Ainda não temos uma epidemia aqui, o que temos são pessoas que viajaram ao exterior, ou parentes daqueles que estão infectados, contaminações internas. Esses ainda não mostram que estamos numa epidemia. Mas ela vai acontecer, sim. Com o surto na Itália, por exemplo, com a relação próxima que nós temos, muitos vôos chegando de lá diariamente, não há dúvida que esse número de casos deve aumentar e que a transmissão interna deve ocorrer.Mas não acho, no momento, que será nas proporções do que ocorreu na Itália ou na China, porque lá eles estavam ainda em pleno inverno.

A estação vai colaborar então?

Sim, a não ser que se alastre até o inverno. Mas provavelmente teremos uma transmissão moderada de casos aqui.

Como você avalia a atuação da mídia no caso?

Eu diria que temos a epidemia de mídia. Nós já estamos há um mês com a epidemia de mídia aqui, porque os casos ainda não haviam ocorrido mas estávamos tratando como epidemia há muito tempo. A corrida, a população toda assustada…. Nós importamos o problema da China naquele momento. Na fase inicial, foi exagerado. Agora tá aqui mesmo, e a notícia está sendo dada como tem que ser.

Mas no início preocupava muito a maneira como estava sendo divulgada e como se fosse um problema que estava ocorrendo, ao mesmo tempo que muitos problemas que de estavam ocorrendo aqui, que ninguém estava noticiando. Como no caso do sarampo, da dengue, e se prenderam numa doença que não existia aqui.

Qual a sua avaliação perante a atuação do Ministério da Saúde?

Ele está até muito rápido. Inclusive algumas comunicações que eles emitiram, a gente tem um pouco de dúvida se deveria acontecer assim. Como, por exemplo, no caso da menina que estava infectada mas não é sintomática, eles consideraram um caso para divulgação.

Nós não consideremos caso quando não tem sintomas, porque o número de assintomáticos em todas as doenças é enorme. Se formos considerar os assintomáticos como doentes, nós perdemos a mão. Mas eles preferiram nesse momento inicial pra mostrar todos os casos sobre o qual atua o vírus, para apresentar que está o sistema está sensível. Concordo que está. Mas de fato eles estão trabalhando muito bem, e até excessivamente.

Recentemente, foi noticiado que pesquisadores da USP conseguiram recriar o vírus em laboratório. 

O trabalho foi comandado pela USP, mas foi feito do Adolfo Luz. Isso mostra que a ciência não pode ser abandonada, como atualmente tem sido ameaçada. É importante investirmos, pois esses casos ajudam muito, não só no controle da doença, como na autoestima que estão trabalhando exauridas pelo trabalho extensivo, isso faz com eles sejam valorizados e que as pessoas se sintam valorizadas também.
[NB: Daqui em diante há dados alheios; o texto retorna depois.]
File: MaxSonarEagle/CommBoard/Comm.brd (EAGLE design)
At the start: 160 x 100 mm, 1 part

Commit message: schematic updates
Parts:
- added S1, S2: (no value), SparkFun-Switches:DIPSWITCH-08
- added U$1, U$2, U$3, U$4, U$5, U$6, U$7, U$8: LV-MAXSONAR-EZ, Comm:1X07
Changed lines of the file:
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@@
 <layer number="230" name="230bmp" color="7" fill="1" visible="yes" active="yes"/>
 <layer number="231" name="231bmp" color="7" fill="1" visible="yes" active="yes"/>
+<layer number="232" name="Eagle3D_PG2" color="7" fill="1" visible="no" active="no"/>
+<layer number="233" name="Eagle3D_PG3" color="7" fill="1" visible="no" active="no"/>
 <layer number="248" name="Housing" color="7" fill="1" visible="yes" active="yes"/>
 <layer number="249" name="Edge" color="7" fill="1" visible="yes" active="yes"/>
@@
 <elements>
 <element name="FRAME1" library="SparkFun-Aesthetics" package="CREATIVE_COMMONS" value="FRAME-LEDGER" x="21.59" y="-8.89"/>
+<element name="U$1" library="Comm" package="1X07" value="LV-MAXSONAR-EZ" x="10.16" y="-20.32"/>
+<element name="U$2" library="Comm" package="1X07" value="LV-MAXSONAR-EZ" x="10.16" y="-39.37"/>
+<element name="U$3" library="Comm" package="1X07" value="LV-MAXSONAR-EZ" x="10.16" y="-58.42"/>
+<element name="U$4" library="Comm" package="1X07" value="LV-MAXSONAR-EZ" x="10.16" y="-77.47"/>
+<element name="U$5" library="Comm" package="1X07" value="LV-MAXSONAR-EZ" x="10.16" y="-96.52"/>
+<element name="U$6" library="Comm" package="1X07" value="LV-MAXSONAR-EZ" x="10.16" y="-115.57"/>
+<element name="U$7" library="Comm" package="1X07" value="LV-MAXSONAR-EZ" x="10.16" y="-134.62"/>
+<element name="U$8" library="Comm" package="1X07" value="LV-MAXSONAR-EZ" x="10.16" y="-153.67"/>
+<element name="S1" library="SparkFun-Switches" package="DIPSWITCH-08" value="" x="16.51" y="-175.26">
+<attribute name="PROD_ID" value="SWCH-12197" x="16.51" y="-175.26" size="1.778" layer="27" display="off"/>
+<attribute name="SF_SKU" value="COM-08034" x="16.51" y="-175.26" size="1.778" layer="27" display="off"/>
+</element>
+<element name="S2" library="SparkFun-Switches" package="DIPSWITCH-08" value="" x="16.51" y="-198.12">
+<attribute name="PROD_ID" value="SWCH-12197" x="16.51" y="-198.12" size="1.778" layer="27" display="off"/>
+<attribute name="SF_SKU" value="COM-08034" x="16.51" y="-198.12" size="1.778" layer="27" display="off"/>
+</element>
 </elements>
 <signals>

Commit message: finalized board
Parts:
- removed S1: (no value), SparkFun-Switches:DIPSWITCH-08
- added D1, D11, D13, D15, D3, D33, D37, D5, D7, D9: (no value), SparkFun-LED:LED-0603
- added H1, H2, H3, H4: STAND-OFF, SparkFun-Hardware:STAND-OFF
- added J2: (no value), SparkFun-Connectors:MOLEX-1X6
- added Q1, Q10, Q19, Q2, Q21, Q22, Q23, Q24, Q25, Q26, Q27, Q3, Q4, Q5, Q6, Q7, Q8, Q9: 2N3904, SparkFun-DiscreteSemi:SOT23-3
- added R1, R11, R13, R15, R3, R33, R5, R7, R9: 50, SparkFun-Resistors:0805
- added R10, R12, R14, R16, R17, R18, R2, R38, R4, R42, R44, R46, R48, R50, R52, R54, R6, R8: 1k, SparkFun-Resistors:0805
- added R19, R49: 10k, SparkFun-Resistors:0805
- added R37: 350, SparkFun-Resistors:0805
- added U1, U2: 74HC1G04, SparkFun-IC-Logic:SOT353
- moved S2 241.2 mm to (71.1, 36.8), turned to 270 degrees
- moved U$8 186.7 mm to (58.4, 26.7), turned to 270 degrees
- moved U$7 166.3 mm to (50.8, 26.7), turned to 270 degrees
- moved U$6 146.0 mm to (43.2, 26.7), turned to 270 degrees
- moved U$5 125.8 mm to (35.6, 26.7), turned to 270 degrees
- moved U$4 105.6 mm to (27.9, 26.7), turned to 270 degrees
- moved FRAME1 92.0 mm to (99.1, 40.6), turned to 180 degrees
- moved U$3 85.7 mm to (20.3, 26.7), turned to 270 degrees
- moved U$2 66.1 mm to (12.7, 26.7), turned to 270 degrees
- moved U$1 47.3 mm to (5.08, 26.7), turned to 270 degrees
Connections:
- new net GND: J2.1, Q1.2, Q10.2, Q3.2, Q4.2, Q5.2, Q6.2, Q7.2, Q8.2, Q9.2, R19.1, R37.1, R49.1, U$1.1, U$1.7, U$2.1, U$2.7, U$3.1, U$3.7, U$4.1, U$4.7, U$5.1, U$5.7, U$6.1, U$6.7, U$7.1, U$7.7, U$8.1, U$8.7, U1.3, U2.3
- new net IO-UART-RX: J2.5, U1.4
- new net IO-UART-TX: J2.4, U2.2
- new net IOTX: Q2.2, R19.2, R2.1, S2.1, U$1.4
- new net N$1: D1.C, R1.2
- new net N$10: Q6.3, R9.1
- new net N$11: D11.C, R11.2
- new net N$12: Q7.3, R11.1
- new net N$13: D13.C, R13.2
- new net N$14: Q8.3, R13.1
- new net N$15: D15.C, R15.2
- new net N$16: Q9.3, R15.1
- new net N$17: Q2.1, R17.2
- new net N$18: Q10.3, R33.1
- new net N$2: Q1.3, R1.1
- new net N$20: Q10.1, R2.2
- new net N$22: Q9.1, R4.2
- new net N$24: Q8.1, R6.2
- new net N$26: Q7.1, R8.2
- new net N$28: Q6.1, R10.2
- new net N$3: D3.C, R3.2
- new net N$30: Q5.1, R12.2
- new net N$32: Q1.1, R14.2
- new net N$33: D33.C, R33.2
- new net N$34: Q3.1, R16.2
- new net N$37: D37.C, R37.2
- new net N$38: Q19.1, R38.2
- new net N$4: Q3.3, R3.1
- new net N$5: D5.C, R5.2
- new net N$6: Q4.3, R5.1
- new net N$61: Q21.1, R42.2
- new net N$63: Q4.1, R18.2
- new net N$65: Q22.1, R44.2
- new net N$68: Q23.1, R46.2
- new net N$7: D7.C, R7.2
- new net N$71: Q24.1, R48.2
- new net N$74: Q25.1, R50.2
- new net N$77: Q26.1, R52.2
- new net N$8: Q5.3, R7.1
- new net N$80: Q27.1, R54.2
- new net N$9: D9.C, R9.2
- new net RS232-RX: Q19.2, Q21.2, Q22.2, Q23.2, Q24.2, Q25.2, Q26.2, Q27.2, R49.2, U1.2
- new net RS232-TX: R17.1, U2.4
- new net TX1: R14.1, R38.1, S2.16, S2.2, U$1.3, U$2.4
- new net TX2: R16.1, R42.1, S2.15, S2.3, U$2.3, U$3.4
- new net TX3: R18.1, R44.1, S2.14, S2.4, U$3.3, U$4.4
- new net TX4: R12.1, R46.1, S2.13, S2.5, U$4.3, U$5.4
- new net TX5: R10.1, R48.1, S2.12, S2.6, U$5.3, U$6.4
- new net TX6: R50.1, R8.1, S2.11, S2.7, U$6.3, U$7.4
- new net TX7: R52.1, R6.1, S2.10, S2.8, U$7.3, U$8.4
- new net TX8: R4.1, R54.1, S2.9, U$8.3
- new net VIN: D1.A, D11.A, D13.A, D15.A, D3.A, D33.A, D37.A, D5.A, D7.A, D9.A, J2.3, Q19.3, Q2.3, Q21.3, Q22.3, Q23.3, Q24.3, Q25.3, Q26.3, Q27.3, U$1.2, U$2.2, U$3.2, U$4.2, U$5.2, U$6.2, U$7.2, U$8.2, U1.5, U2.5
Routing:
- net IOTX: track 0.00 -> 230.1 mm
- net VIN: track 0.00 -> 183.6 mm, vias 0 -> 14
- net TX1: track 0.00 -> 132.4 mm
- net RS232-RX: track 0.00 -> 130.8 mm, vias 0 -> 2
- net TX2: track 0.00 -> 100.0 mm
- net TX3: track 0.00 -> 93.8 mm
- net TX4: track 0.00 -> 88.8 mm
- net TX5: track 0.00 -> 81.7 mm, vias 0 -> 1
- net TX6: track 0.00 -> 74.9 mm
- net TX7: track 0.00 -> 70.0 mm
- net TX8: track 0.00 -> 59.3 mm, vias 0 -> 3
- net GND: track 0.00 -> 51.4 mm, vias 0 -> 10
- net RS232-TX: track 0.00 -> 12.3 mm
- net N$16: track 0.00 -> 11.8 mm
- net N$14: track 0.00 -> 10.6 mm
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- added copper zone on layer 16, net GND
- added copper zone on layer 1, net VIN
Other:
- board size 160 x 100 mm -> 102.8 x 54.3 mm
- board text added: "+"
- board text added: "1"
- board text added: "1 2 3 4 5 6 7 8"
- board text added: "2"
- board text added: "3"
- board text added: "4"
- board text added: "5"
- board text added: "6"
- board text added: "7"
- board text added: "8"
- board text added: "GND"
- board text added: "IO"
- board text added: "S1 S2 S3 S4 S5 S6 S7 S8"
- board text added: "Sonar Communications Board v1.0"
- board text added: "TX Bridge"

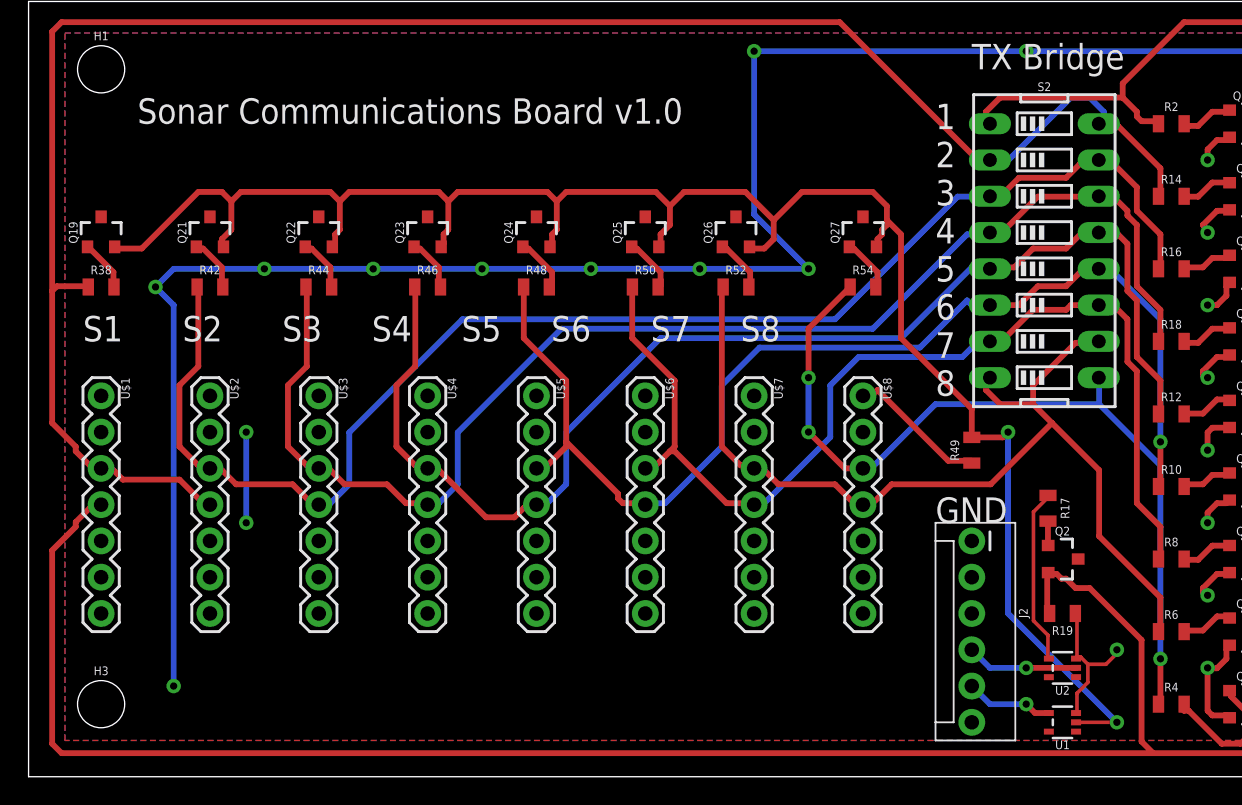
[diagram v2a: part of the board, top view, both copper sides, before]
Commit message: added pulldown resistors to sonar rx lines
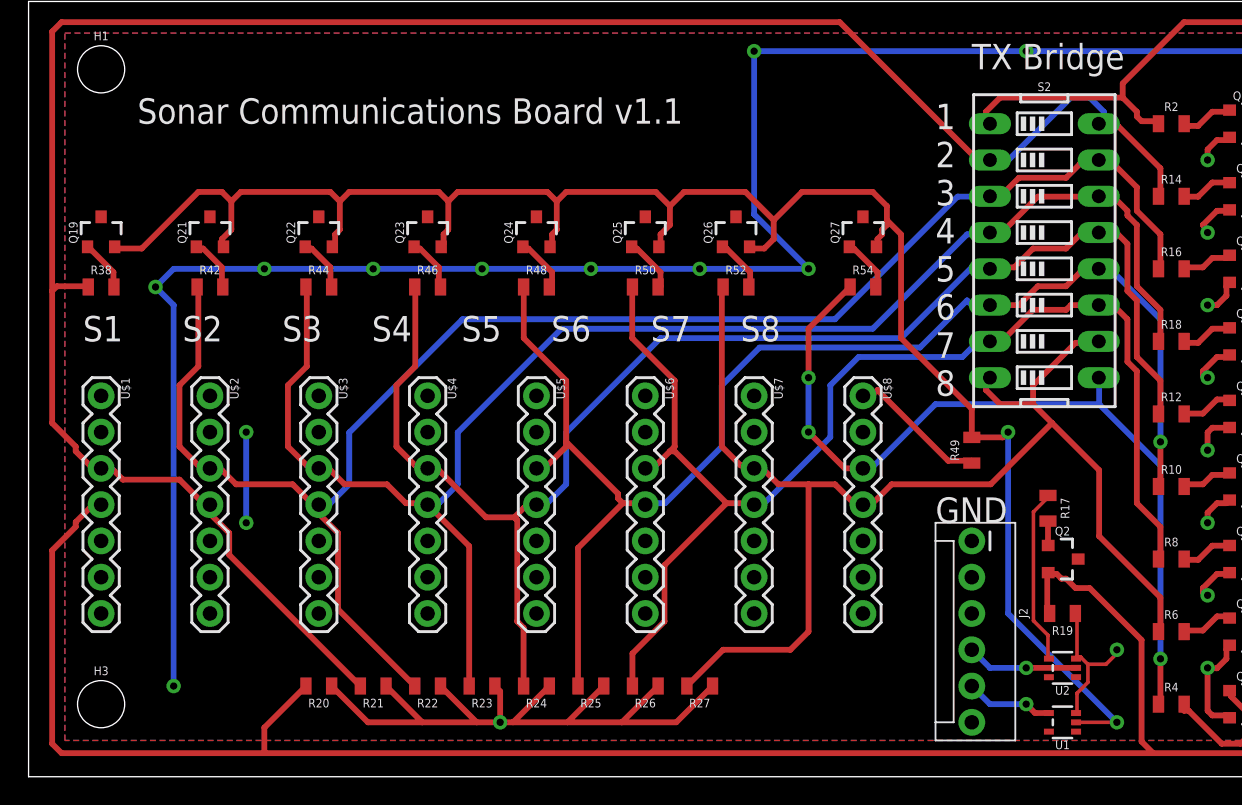
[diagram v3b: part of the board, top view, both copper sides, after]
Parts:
- added R20, R21, R22, R23, R24, R25, R26, R27: 10k, SparkFun-Resistors:0805
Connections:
- net GND: now also R20.1, R21.1, R22.1, R23.1, R24.1, R25.1, R26.1, R27.1
- net IOTX: now also R20.2
- net TX1: now also R21.2
- net TX2: now also R22.2
- net TX3: now also R23.2
- net TX4: now also R24.2
- net TX5: now also R25.2
- net TX6: now also R26.2
- net TX7: now also R27.2
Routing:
- net GND: track 51.4 -> 100.8 mm, vias 10 -> 11
- net TX7: track 70.0 -> 90.4 mm
- net TX1: track 132.4 -> 149.5 mm
- net TX6: track 74.9 -> 90.4 mm
- net TX2: track 100.0 -> 115.5 mm
- net TX5: track 81.7 -> 95.8 mm
- net TX3: track 93.8 -> 107.7 mm
- net TX4: track 88.8 -> 100.8 mm
- net IOTX: track 230.1 -> 236.0 mm
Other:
- board text added: "Sonar Communications Board v1.1"
- board text removed: "Sonar Communications Board v1.0"

É fundamental fazer pesquisa nesse estilo, mostrando que o Brasil pode se destacar na área.

Você certa vez pontuou que trabalhando com saúde pública, você teria uma posição socialista.

Nós vivemos no SUS. O Sistema Único de Saúde. Trabalhamos para todas as pessoas de maneira de igual. Quem trabalha na saúde tem que trabalhar com a população de modo geral. Tem que tratar igualzinho a pessoa que tem dinheiro e quem não tem dinheiro nenhum. O acesso à saúde é para todos. Não tem jeito de não se trabalhar com justiça social.